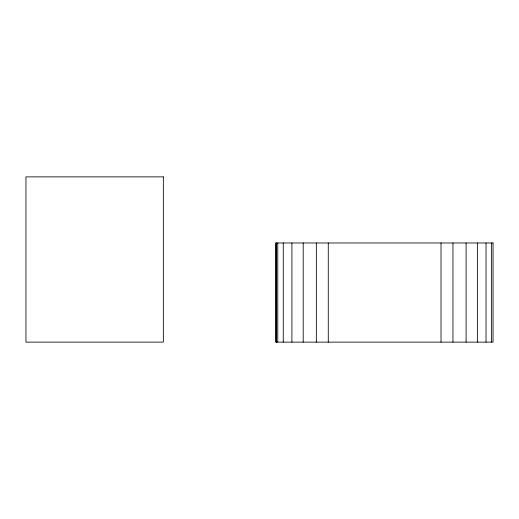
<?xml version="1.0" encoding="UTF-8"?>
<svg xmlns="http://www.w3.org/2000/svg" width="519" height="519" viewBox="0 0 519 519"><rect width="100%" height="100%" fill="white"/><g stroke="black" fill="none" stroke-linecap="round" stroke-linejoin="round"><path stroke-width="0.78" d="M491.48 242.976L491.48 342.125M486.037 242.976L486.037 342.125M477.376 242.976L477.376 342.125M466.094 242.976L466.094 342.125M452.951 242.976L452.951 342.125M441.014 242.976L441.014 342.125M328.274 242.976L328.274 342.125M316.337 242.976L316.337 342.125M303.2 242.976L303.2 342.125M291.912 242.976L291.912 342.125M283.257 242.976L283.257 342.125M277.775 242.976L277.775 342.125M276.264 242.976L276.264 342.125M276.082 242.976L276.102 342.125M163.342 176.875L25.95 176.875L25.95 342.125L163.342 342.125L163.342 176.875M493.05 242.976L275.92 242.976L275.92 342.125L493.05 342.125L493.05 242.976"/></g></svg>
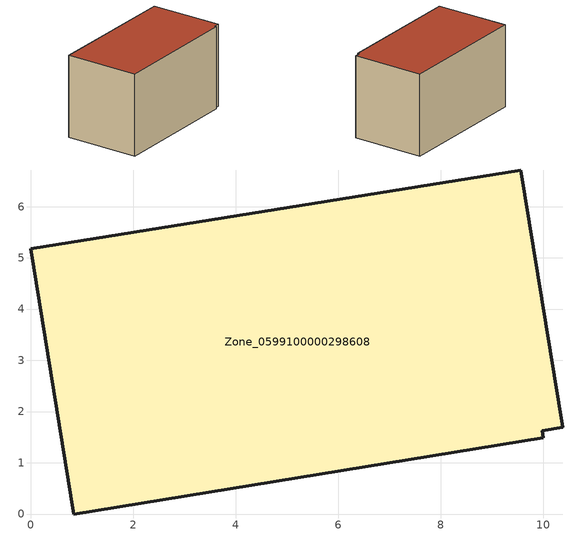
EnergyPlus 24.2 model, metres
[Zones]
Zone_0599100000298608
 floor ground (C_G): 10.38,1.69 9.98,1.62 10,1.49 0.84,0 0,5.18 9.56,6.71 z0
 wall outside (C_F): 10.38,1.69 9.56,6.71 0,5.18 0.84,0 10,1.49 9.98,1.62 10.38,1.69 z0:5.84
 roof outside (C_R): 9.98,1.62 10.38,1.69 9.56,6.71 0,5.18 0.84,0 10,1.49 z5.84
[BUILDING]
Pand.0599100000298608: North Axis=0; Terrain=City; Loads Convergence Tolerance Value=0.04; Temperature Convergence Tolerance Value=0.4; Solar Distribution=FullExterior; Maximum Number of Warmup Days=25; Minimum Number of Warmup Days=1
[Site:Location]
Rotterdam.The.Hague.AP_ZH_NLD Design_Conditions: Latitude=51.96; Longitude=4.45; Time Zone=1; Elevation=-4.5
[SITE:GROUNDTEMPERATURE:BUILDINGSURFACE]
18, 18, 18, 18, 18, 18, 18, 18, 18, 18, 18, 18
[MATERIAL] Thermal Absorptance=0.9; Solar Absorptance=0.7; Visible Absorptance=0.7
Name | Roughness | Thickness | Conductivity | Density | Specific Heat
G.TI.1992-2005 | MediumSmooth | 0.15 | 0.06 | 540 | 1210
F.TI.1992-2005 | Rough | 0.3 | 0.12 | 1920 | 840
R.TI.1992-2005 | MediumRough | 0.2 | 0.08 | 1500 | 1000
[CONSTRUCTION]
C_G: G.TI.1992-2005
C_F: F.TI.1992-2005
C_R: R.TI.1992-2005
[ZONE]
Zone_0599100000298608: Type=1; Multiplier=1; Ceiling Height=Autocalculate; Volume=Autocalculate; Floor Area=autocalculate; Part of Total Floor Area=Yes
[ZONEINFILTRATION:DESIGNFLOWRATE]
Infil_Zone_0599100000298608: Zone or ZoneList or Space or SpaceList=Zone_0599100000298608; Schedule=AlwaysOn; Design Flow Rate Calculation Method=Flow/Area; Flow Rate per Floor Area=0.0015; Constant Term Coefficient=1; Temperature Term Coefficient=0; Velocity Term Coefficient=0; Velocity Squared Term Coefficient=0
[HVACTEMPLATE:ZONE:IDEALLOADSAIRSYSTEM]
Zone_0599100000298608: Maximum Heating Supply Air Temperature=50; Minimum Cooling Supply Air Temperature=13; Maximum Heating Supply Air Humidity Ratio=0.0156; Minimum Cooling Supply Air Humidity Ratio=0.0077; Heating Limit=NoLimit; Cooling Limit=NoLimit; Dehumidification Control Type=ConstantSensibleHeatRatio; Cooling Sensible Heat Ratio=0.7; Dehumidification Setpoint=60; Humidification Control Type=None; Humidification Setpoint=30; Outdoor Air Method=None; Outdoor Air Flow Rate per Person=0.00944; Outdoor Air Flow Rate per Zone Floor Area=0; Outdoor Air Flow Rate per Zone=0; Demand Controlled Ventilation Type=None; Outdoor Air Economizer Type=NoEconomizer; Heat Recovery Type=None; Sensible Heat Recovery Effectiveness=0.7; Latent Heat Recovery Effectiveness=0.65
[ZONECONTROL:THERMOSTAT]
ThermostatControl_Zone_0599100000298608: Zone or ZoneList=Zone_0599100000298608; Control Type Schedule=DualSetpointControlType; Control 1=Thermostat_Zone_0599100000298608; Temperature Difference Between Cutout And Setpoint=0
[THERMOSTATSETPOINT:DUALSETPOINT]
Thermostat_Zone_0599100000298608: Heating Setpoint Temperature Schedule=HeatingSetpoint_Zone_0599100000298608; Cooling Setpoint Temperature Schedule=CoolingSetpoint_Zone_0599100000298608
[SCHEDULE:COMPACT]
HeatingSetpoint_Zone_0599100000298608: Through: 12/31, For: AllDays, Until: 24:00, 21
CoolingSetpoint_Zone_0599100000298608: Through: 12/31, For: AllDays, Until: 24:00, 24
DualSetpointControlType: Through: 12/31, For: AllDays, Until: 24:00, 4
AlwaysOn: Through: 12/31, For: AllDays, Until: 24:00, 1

○ ○ ○ ○ ○

_TASK REQUIREMENTS:_
Looking at the material above, state the number of lines holding the word "AllDays", and only that number.

_ANSWER SECTION:_
4